-- Brief --
Go over the records and copy every line with the string "font".

-- Data extract --
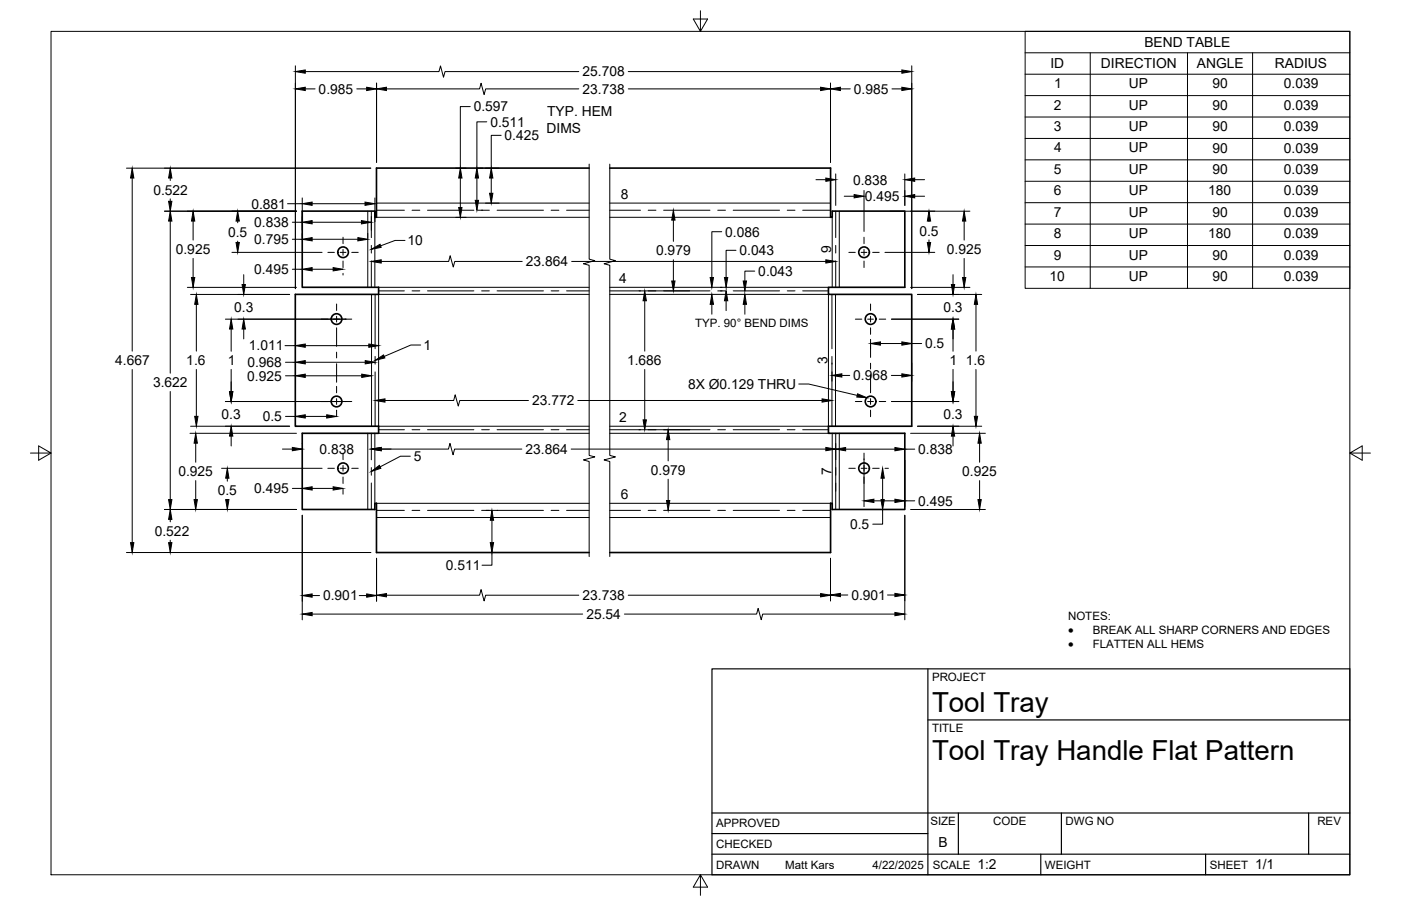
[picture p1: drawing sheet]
<svg xmlns="http://www.w3.org/2000/svg" width="432mm" height="279mm" viewBox="0 0 432 279" stroke-linecap="round" stroke-linejoin="round" font-family="sans-serif">
<!-- layer: Visible -->
<g fill="none" stroke="#000" stroke-width=".51">
<path d="M181.6 51.8h-65.6v15.2h-.5v-1.9h-22.3v23.5h23.5v2.2h-25.7v40.6h25.7v2.2h-23.5v23.5h22.3v-1.9h.5v15.2h65.6M187.9 51.8h68.1v15.2h.5v-1.9h22.4v23.5h-23.6v2.2h25.7v40.6h-25.7v2.2h23.6v23.5h-22.4v-1.9h-.5v15.2h-68.1"/>
<circle cx="105.7" cy="77.8" r="1.64"/>
<circle cx="266.3" cy="77.8" r="1.64"/>
<circle cx="103.7" cy="98.4" r="1.64"/>
<circle cx="268.3" cy="98.4" r="1.64"/>
<circle cx="103.7" cy="123.8" r="1.64"/>
<circle cx="268.3" cy="123.8" r="1.64"/>
<circle cx="105.7" cy="144.4" r="1.64"/>
<circle cx="266.3" cy="144.4" r="1.64"/>
</g>
<!-- layer: Bend Center -->
<g fill="none" stroke="#000" stroke-width=".31">
<path d="M114.4 65.1v8.2M114.4 75.7v2.3M116 64.8h8.6M127 64.8h2.4M131.8 64.8h14.2M148.4 64.8h2.4M153.2 64.8h14.3M169.9 64.8h2.4M174.6 64.8h7M187.9 64.8h9.5M199.8 64.8h2.4M204.5 64.8h14.3"/>
<path d="M221.2 64.8h2.4M226 64.8h14.3M242.6 64.8h2.4M247.4 64.8h8.6M257.6 65.1v8.2M257.6 75.7v2.3M114.4 80.4v8.2M115.6 90.8v16.7M116.7 89.7h7.9M127 89.7h2.4M131.8 89.7h14.2M148.4 89.7h2.4"/>
<path d="M153.2 89.7h14.3M169.9 89.7h2.4M174.6 89.7h7M187.9 89.7h9.5M199.8 89.7h2.4M204.5 89.7h14.3M221.2 89.7h2.4M226 89.7h14.3M242.6 89.7h2.4M247.4 89.7h7.9M256.4 90.8v16.7M257.6 80.4v8.2"/>
<path d="M115.6 109.9v2.4M115.6 114.7v16.7M256.4 109.9v2.4M256.4 114.7v16.7M114.4 133.6v8.2M116.7 132.5h7.9M127 132.5h2.4M131.8 132.5h14.2M148.4 132.5h2.4M153.2 132.5h14.3M169.9 132.5h2.4M174.6 132.5h7"/>
<path d="M187.9 132.5h9.5M199.8 132.5h2.4M204.5 132.5h14.3M221.2 132.5h2.4M226 132.5h14.3M242.6 132.5h2.4M247.4 132.5h7.9M257.6 133.6v8.2M114.4 144.2v2.4M114.4 148.9v8.2M116 157.4h8.6M127 157.4h2.4"/>
<path d="M131.8 157.4h14.2M148.4 157.4h2.4M153.2 157.4h14.3M169.9 157.4h2.4M174.6 157.4h7M187.9 157.4h9.5M199.8 157.4h2.4M204.5 157.4h14.3M221.2 157.4h2.4M226 157.4h14.3M242.6 157.4h2.4M247.4 157.4h8.6"/>
<path d="M257.6 144.2v2.4M257.6 148.9v8.2"/>
</g>
<!-- layer: Visible Narrow -->
<g fill="none" stroke="#000" stroke-width=".31">
<path d="M113.3 65.1v23.5M115.5 67v21.6M116 62.6h65.6M116 67h65.6M187.9 62.6h68.1M187.9 67h68.1M256.5 67v21.6M258.7 65.1v23.5M114.5 90.8v40.6M116.7 88.6h64.9M181.6 90.8h-64.9v40.6h64.9M187.9 90.8h67.4v40.6h-67.4"/>
<path d="M187.9 88.6h67.4M257.5 90.8v40.6M113.3 133.6v23.5M115.5 133.6v21.6M116.7 133.6h64.9M187.9 133.6h67.4M256.5 133.6v21.6M258.7 133.6v23.5M116 159.6h65.6M116 155.2h65.6M187.9 159.6h68.1M187.9 155.2h68.1"/>
</g>
<!-- layer: Border -->
<path d="M15.7 9.7h400.3v260.1h-400.3zM215.9 3.3v6.4l-2.2-3.8h4.4l-2.2 3.8M9.4 139.7h6.3l-3.8-2.2v4.4l3.8-2.2M416 139.7l3.8 2.2v-4.4l-3.8 2.2h6.4M215.9 269.8l2.2 3.8h-4.4l2.2-3.8v6.3" fill="none" stroke="#000" stroke-width=".31"/>
<!-- layer: Titleblock -->
<path d="M219.4 206.3h196.6v63.5h-196.6zM286 206.3v63.5M286 222h130M219.4 257.1h66.6M219.4 250.7h196.6M295.4 250.7v12.7M327.1 250.7v12.7M403.3 250.7v12.7M219.4 263.4h196.6M320.8 263.4v6.4M371.6 263.4v6.4" fill="none" stroke="#000" stroke-width=".36"/>
<!-- layer: Break Lines -->
<path d="M181.6 50.6v29.3l1.7 .5-3.5 .9 1.8 .5v58.6l1.7 .5-3.5 .9 1.8 .5v29.3M187.9 50.6v29.3l1.8 .5-3.5 .9 1.7 .5v58.6l1.8 .5-3.5 .9 1.7 .5v29.3" fill="none" stroke="#000" stroke-width=".31"/>
<!-- layer: Smart Centers -->
<g fill="none" stroke="#000" stroke-width=".31">
<path d="M101 77.8h2.1M104.8 77.8h1.8M105.7 73.2v1.9M105.7 76.9v1.8M108.4 77.8h2M261.6 77.8h2M265.4 77.8h1.8M266.3 73.2v1.9M266.3 76.9v1.8M269 77.8h2M99 98.4h2M102.8 98.4h1.8"/>
<path d="M103.7 93.7v2M103.7 97.5v1.8M105.7 80.5v2M106.4 98.4h2M263.6 98.4h2M266.3 80.5v2M267.4 98.4h1.8M268.3 93.7v2M268.3 97.5v1.8M271 98.4h2M103.7 101.1v5.7M103.7 108.6v1.8"/>
<path d="M103.7 112.2v5.7M103.7 119.1v2M268.3 101.1v2M268.3 104.6v5.6M268.3 112v1.8M268.3 115.6v5.5M99 123.8h2M102.8 123.8h1.8M103.7 122.9v1.8M103.7 126.5v2M105.7 139.7v2.1M106.4 123.8h2"/>
<path d="M263.6 123.8h2M266.3 139.7v2.1M267.4 123.8h1.8M268.3 122.9v1.8M268.3 126.5v2M271 123.8h2M101 144.4h2.1M104.8 144.4h1.8M105.7 143.5v1.8M105.7 147.1v2M108.4 144.4h2M261.6 144.4h2"/>
<path d="M265.4 144.4h1.8M266.3 143.5v1.8M266.3 147.1v2M269 144.4h2"/>
</g>
<!-- layer: Bend Tables -->
<g fill="none" stroke="#000" stroke-width=".31">
<path d="M316 9.7h100v79.2h-100zM316 16.3h100M336 16.3v72.6M366 16.3v72.6M386.1 16.3v72.6M316 22.9h100M316 29.5h100M316 36.1h100M316 42.7h100M316 49.3h100M316 55.9h100M316 62.5h100"/>
<path d="M316 69.1h100M316 75.7h100M316 82.3h100"/>
</g>
<!-- layer: BendIds -->
<path d="M114.4 76.9l2.7-1.6 .4 1zM115.6 111.1l2.6-1.6 .4 .9zM114.4 145.4l2.5-1.9 .5 .9z" fill="#000" stroke="#000" stroke-width=".31"/>
<path d="M124.8 74.1h-3l-4.5 1.7M129.7 106.4h-3.1l-8.2 3.5M126.5 140.7h-3.1l-6.2 3.3" fill="none" stroke="#000" stroke-width=".31"/>
<!-- layer: FD_Dimensions -->
<g fill="none" stroke="#000" stroke-width=".31">
<path d="M91 20.3v68.7M94.1 22.1h41.2l.5-1.8 .9 3.5 .5-1.7h41.2M94.1 27.4h3M110 27.4h3M116.1 25.6v24.5M119.1 27.4h28.7l.5-1.7 .9 3.5 .5-1.8h28.7M144.9 32.9h-3v19M150 37.6h-3v14.3M193.6 22.1h84.4M193.6 27.4h59.3M256 25.6v24.5M259 27.4h3.1"/>
<path d="M274.9 27.4h3.1M281 20.3v68.7M39 51.9h75.3M40.7 54.9v53.4M52.5 54.9v.8M140.5 51.9h3.2M141.9 54.9v9.1M147 54.9v6.9M147.2 51.9h1.6M149.6 51.9h4.2M151.4 54.9v4.7M154.5 41.7h-3.1v10.2"/>
<path d="M251.5 55.4h3M257.6 53.6v9.8M266.3 58.7v12.7M278.9 53.6v9.8M281.9 55.4h3.1M50.7 65.1h40.7M52.5 61.3v.8M52.5 68.2v46.9M59.5 68.2v5.8M59.5 79.7v5.9M71.5 77.8h27.8M73.3 68.2v.5"/>
<path d="M73.3 74.4v.4M88.6 62.8h4.6M90.1 68.5h3.1M90.1 73.8h3.1M93.2 61v10M93.2 72v1.4M96.2 62.8h16.3M96.2 68.5h15.2M96.2 73.8h14.1M113.3 72v1.4M114.4 66.8v4.2M115.5 61v7.4"/>
<path d="M140.5 67h3.2M147.2 64.8h1.6M149.6 62.7h4.2M207.5 67.9v6.5M222.4 71.5h-3v14.1M226.8 77.2h-3v8.4M260.2 60.5h3M272.8 77.8h15.3M274.3 65.1h24.6M281.9 60.5h3.1M286.3 68.2v.1M286.3 74v.8"/>
<path d="M297.2 68.2v5.8M297.2 79.7v5.9M57.7 88.6h33.7M58.7 90.8h30.6M60.5 93.9v14.4M69.5 98.4h37.1M75.1 84.7v3.1M90.1 83h3.1M96.2 83h6.5M105.7 84.3v.5M117.5 80.6h20.8l.4-1.7 1 3.5 .5-1.8h20.8M176.2 80.6h78.3"/>
<path d="M196.9 89.7h15.7M198.7 92.8v15.5M207.5 80.1v6.6M219.4 93.9v3M222 88.6h.6M222 89.7h.6M223.8 92.8v3M229.6 93.9v3M232.6 83.6h-3v3.1M274.8 98.4h20.7M280.6 88.6h18.3M282.8 90.8h19.8"/>
<path d="M293.7 84.7v3.1M300.8 93.9v14.4M40.7 113.9v53.4M60.5 113.9v14.5M71.2 101.5v6.8M71.2 113.9v6.9M75.1 101.5v3M87.8 106.6h3.2M88 115.9h3M88 111.7h3M94.1 115.9h17.4M94.1 111.7h18.5"/>
<path d="M94.1 106.6h19.6M198.7 113.9v15.6M256.4 112v5.6M259.5 115.8h2.4M268.3 106.4v1.3M271.4 105.9h6.6M274.7 115.8h3.3M281 112v5.6M281 105.9h3.1M293.7 101.5v6.8M293.7 113.9v6.9M300.8 113.9v14.5"/>
<path d="M52.5 120.7v33.4M58.5 133.6h32.9M58.7 131.4h30.6M60.3 136.7v5.9M69.5 123.8h37.1M71.2 134.5v3M87.1 138.5h3M88 128.4h3M93.2 136.7v.2M94.1 128.4h6.6M103.7 126.6v.1M118.7 123.5h21.1l.5-1.7 .9 3.4 .5-1.7h21.2"/>
<path d="M120.5 138.5h-3h20.7l.5-1.8 .9 3.6 .5-1.8h20.7M176 138.5h78.5M178.1 123.5h75.3M196.9 132.5h15.7M205.9 135.6v6.5M257.6 136.7v14.8M260.6 138.5h15.2M274.8 123.8h20.7M278.9 138.5h3M280.6 133.6h23.1M282.8 131.4h19.8M293.7 134.5v3"/>
<path d="M301.9 136.7v5.9M50.7 157.1h40.7M60.3 148.2v5.9M68.3 144.4h31M70.1 147.5v.9M70.1 154.1h.1M90.1 150.6h3.1M93.2 158.9v32.3M96.2 150.6h6.5M105.7 150.9v1.5M149.8 157.4h3.6M205.9 147.8v6.5"/>
<path d="M266.3 141.5v14.7M269.3 154.5h6.5M270.3 157.1h.7M272 157.1v4.5h-3M272 147.5v6.6M272.8 144.4h1M278.9 141.9v14.3M278.9 158.9v32.3M278.9 154.5h3M280.6 157.1h23.1M301.9 148.2v5.9M39 170.4h75.3"/>
<path d="M52.5 160.2v.7M52.5 166.6v.7M116.1 172.2v13.2M149.8 170.4h3.6M151.6 170.4v3.9h-3M151.6 160.4v6.9M256 172.2v13.1M96.2 183.7h2.3M96.2 189.4h83.4M110.7 183.7h2.3M119.1 183.6h28.7l.5-1.8 .9 3.5 .5-1.7h28.7M192.4 189.4h40.8l.5-1.8 .9 3.5 .5-1.7h40.7"/>
<path d="M193.6 183.6h59.3M259 183.5h2.3M273.5 183.5h2.3"/>
</g>
<g fill="#000" stroke="#000" stroke-width=".31">
<path d="M91 22.1l3.1-.5v1zM91 27.4l3.1-.5v1zM113 26.9l3.1 .5-3.1 .5zM116.1 27.4l3-.5v1zM252.9 26.9l3.1 .5-3.1 .5zM256 27.4l3-.5v1zM278 21.6l3 .5-3 .5zM278 26.9l3 .5-3 .5zM40.7 51.9l.6 3h-1.1zM52.5 51.9l.5 3h-1zM141.9 51.9l.5 3h-1zM147 51.9l.5 3h-1z"/>
<path d="M150.9 59.6h1l-.5 3.1zM151.4 51.9l.5 3h-1zM254.5 54.9l3.1 .5-3.1 .5zM278.9 55.4l3-.5v1zM52.5 65.1l.5 3.1h-1zM52 62.1h1l-.5 3zM59.5 65.1l.5 3.1h-1zM73.3 65.1l.5 3.1h-1.1zM72.7 74.8h1.1l-.5 3zM93.2 62.8l3-.5v1zM93.2 68.5l3-.5v1zM93.2 73.8l3-.5v1z"/>
<path d="M110.3 73.3l3 .5-3 .5zM111.4 68l3 .5-3 .5zM112.5 62.3l3 .5-3 .5zM141.4 64h1l-.5 3zM146.5 61.8h1l-.5 3zM207.5 64.8l.5 3.1h-1zM263.2 60l3.1 .5-3.1 .5zM278.9 60.5l3-.5v1zM285.8 74.8h1l-.5 3zM286.3 65.1l.5 3.1h-1zM297.2 65.1l.5 3.1h-1zM59 85.6h1l-.5 3z"/>
<path d="M60.5 90.8l.5 3.1h-1zM74.6 87.8h1l-.5 3zM93.2 83l3-.5v1zM102.7 82.5l3 .5-3 .5zM114.4 80.6l3.1-.5v1zM198.7 89.7l.5 3.1h-1zM207 86.7h1l-.5 3zM219.4 90.8l.5 3.1h-1zM218.9 85.6h1l-.5 3zM223.8 89.7l.5 3.1h-1zM223.3 85.6h1l-.5 3zM229.6 90.8l.5 3.1h-1z"/>
<path d="M229.1 86.7h1l-.5 3zM254.5 80.1l3.1 .5-3.1 .5zM293.2 87.8h1l-.5 3zM296.7 85.6h1l-.5 3zM300.8 90.8l.5 3.1h-1zM71.2 98.4l.6 3.1h-1.1zM75.1 98.4l.5 3.1h-1zM91 115.9l3.1-.5v1zM91 111.7l3.1-.5v1zM91 106.6l3.1-.5v1zM111.5 115.4l3 .5-3 .5zM112.6 111.2l3 .5-3 .5z"/>
<path d="M113.7 106.1l3 .5-3 .5zM256.4 115.8l3.1-.5v1zM268.3 105.9l3.1-.5v1zM278 115.3l3 .5-3 .5zM278 105.4l3 .5-3 .5zM293.7 98.4l.5 3.1h-1zM60.3 133.6l.5 3.1h-1zM60 128.4h1l-.5 3zM70.7 120.8h1.1l-.6 3zM71.2 131.4l.6 3.1h-1.1zM90.1 138l3.1 .5-3.1 .5zM91 128.4l3.1-.5v1z"/>
<path d="M100.7 127.9l3 .5-3 .5zM114.4 138.5l3.1-.5v1zM115.6 123.5l3.1-.5v1zM198.2 129.5h1l-.5 3zM205.9 132.5l.5 3.1h-1zM253.4 123l3 .5-3 .5zM254.5 138l3.1 .5-3.1 .5zM257.6 138.5l3-.5v1zM275.8 138l3.1 .5-3.1 .5zM293.2 120.8h1l-.5 3zM293.7 131.4l.5 3.1h-1zM300.3 128.4h1l-.5 3z"/>
<path d="M301.9 133.6l.5 3.1h-1zM52 154.1h1l-.5 3zM59.8 154.1h1l-.5 3zM70.1 144.4l.5 3.1h-1zM69.6 154.1h1l-.5 3zM93.2 150.6l3-.5v1zM102.7 150.1l3 .5-3 .5zM205.4 154.3h1l-.5 3.1zM266.3 154.5l3-.6v1.1zM272 144.4l.5 3.1h-1zM271.5 154.1h1l-.5 3zM275.8 153.9l3.1 .6-3.1 .5z"/>
<path d="M301.4 154.1h1l-.5 3zM40.2 167.3h1.1l-.6 3.1zM52.5 157.1l.5 3.1h-1zM52 167.3h1l-.5 3.1zM151.6 157.4l.5 3h-1zM151.1 167.3h1l-.5 3.1zM93.2 183.7l3-.5v1zM93.2 189.4l3-.5v1zM113 183.2l3.1 .5-3.1 .5zM116.1 183.6l3-.6v1.1zM252.9 183l3.1 .6-3.1 .5zM256 183.5l3-.5v1z"/>
<path d="M275.8 183l3.1 .5-3.1 .5zM275.8 188.9l3.1 .5-3.1 .5z"/>
</g>
<!-- layer: Hole Notes -->
<path d="M264.3 121.5l2.9 1.1-3.1-.2z" fill="#000" stroke="#000" stroke-width=".31"/>
<path d="M246.2 118.4h3l15 3.5" fill="none" stroke="#000" stroke-width=".31"/>
<g font-size="8.5">
<text x="287.3" y="219.5">Tool Tray</text>
<text x="287.3" y="234.5">Tool Tray Handle Flat Pattern</text>
</g>
<g font-size="4.3">
<text x="352.7" y="14.5">BEND TABLE</text>
<text x="179.5" y="23.6">25.708</text>
<text x="323.8" y="21.1">ID</text>
<text x="339.3" y="21.1">DIRECTION</text>
<text x="368.9" y="21.1">ANGLE</text>
<text x="392.9" y="21.1">RADIUS</text>
<text x="98.2" y="28.9">0.985</text>
<text x="179.5" y="28.9">23.738</text>
<text x="263.2" y="28.9">0.985</text>
<text x="325" y="27.2">1</text>
<text x="348" y="27.2">UP</text>
<text x="373.7" y="27.2">90</text>
<text x="395.7" y="27.2">0.039</text>
<text x="146" y="34.4">0.597</text>
<text x="168.7" y="35.8">TYP. HEM</text>
<text x="324.8" y="33.8">2</text>
<text x="348" y="33.8">UP</text>
<text x="373.7" y="33.8">90</text>
<text x="395.7" y="33.8">0.039</text>
<text x="151.1" y="39.1">0.511</text>
<text x="168.4" y="40.9">DIMS</text>
<text x="324.8" y="40.4">3</text>
<text x="348" y="40.4">UP</text>
<text x="373.7" y="40.4">90</text>
<text x="395.7" y="40.4">0.039</text>
<text x="155.5" y="43.2">0.425</text>
<text x="324.9" y="47">4</text>
<text x="348" y="47">UP</text>
<text x="373.7" y="47">90</text>
<text x="395.7" y="47">0.039</text>
<text x="324.8" y="53.6">5</text>
<text x="348" y="53.6">UP</text>
<text x="373.7" y="53.6">90</text>
<text x="395.7" y="53.6">0.039</text>
<text x="47.3" y="60">0.522</text>
<text x="262.9" y="56.9">0.838</text>
<text x="77.5" y="64.3">0.881</text>
<text x="191.3" y="61.3">8</text>
<text x="266.6" y="62">0.495</text>
<text x="324.8" y="60.2">6</text>
<text x="348" y="60.2">UP</text>
<text x="372.3" y="60.2">180</text>
<text x="395.7" y="60.2">0.039</text>
<text x="78.4" y="70">0.838</text>
<text x="324.8" y="66.8">7</text>
<text x="348" y="66.8">UP</text>
<text x="373.7" y="66.8">90</text>
<text x="395.7" y="66.8">0.039</text>
<text x="70.3" y="73">0.5</text>
<text x="78.4" y="75.3">0.795</text>
<text x="125.6" y="75.7">10</text>
<text x="223.5" y="73">0.086</text>
<text x="283.4" y="72.7">0.5</text>
<text x="324.8" y="73.4">8</text>
<text x="348" y="73.4">UP</text>
<text x="372.3" y="73.4">180</text>
<text x="395.7" y="73.4">0.039</text>
<text x="54.2" y="78.4">0.925</text>
<text x="162.1" y="82.1">23.864</text>
<text x="202.2" y="78.8">0.979</text>
<text x="227.9" y="78.7">0.043</text>
<text x="256.2" y="78" transform="rotate(-90 256.2 78)">9</text>
<text x="291.8" y="78.4">0.925</text>
<text x="324.8" y="80.1">9</text>
<text x="348" y="80">UP</text>
<text x="373.7" y="80.1">90</text>
<text x="395.7" y="80.1">0.039</text>
<text x="78.4" y="84.5">0.495</text>
<text x="190.9" y="87.4">4</text>
<text x="233.7" y="85.1">0.043</text>
<text x="323.5" y="86.7">10</text>
<text x="348" y="86.6">UP</text>
<text x="373.7" y="86.7">90</text>
<text x="395.7" y="86.7">0.039</text>
<text x="72.2" y="96.1">0.3</text>
<text x="290.8" y="96.1">0.3</text>
<text x="130.5" y="107.9">1</text>
<text x="285.1" y="107.4">0.5</text>
<text x="35.5" y="112.6">4.667</text>
<text x="57.4" y="112.6">1.6</text>
<text x="70.2" y="112.6">1</text>
<text x="76.2" y="113.2">0.968</text>
<text x="76.7" y="108.1">1.011</text>
<text x="193.3" y="112.6">1.686</text>
<text x="255" y="112.3" transform="rotate(-90 255 112.3)">3</text>
<text x="292.7" y="112.6">1</text>
<text x="297.7" y="112.6">1.6</text>
<text x="47.2" y="119.4">3.622</text>
<text x="76.2" y="117.4">0.925</text>
<text x="212.1" y="120">8X Ø0.129 THRU</text>
<text x="263" y="117.3">0.968</text>
<text x="164" y="125">23.772</text>
<text x="68.3" y="129.1">0.3</text>
<text x="81" y="129.9">0.5</text>
<text x="190.9" y="130.2">2</text>
<text x="290.8" y="129.1">0.3</text>
<text x="98.5" y="140">0.838</text>
<text x="127.6" y="142.2">5</text>
<text x="162" y="140">23.864</text>
<text x="283" y="140">0.838</text>
<text x="55" y="146.9">0.925</text>
<text x="200.6" y="146.5">0.979</text>
<text x="256.2" y="146.6" transform="rotate(-90 256.2 146.6)">7</text>
<text x="296.6" y="146.9">0.925</text>
<text x="67.1" y="152.7">0.5</text>
<text x="78.4" y="152.1">0.495</text>
<text x="191.3" y="153.9">6</text>
<text x="283" y="155.9">0.495</text>
<text x="47.7" y="165.2">0.522</text>
<text x="262" y="163.2">0.5</text>
<text x="137.4" y="175.8">0.511</text>
<text x="99.6" y="185.2">0.901</text>
<text x="179.5" y="185.1">23.738</text>
<text x="262.4" y="185">0.901</text>
<text x="180.7" y="190.9">25.54</text>
<text x="289.3" y="261.2">B</text>
<text x="301.2" y="268.1">1:2</text>
<text x="386.8" y="268.1">1/1</text>
</g>
<g font-size="3.8">
<text x="329.2" y="195.5">·</text>
<text x="329.2" y="199.8">·</text>
</g>
<g font-size="3.5">
<text x="214.2" y="100.9">TYP. 90° BEND DIMS</text>
<text x="329.2" y="191.2">NOTES:</text>
<text x="336.8" y="195.5">BREAK ALL SHARP CORNERS AND EDGES</text>
<text x="336.8" y="199.8">FLATTEN ALL HEMS</text>
<text x="287.3" y="210.1">PROJECT</text>
<text x="287.3" y="225.8">TITLE</text>
<text x="220.7" y="255.2">APPROVED</text>
<text x="286.7" y="254.5">SIZE</text>
<text x="306.1" y="254.5">CODE</text>
<text x="328.4" y="254.5">DWG NO</text>
<text x="406" y="254.5">REV</text>
<text x="220.7" y="261.5">CHECKED</text>
<text x="220.7" y="267.9">DRAWN</text>
<text x="242" y="267.9">Matt Kars</text>
<text x="268.9" y="267.9">4/22/2025</text>
<text x="287.5" y="267.9">SCALE</text>
<text x="322.1" y="267.9">WEIGHT</text>
<text x="372.9" y="267.9">SHEET</text>
</g>
</svg>

-- Task response --
<svg xmlns="http://www.w3.org/2000/svg" width="432mm" height="279mm" viewBox="0 0 432 279" stroke-linecap="round" stroke-linejoin="round" font-family="sans-serif">
<g font-size="8.5">
<g font-size="4.3">
<g font-size="3.8">
<g font-size="3.5">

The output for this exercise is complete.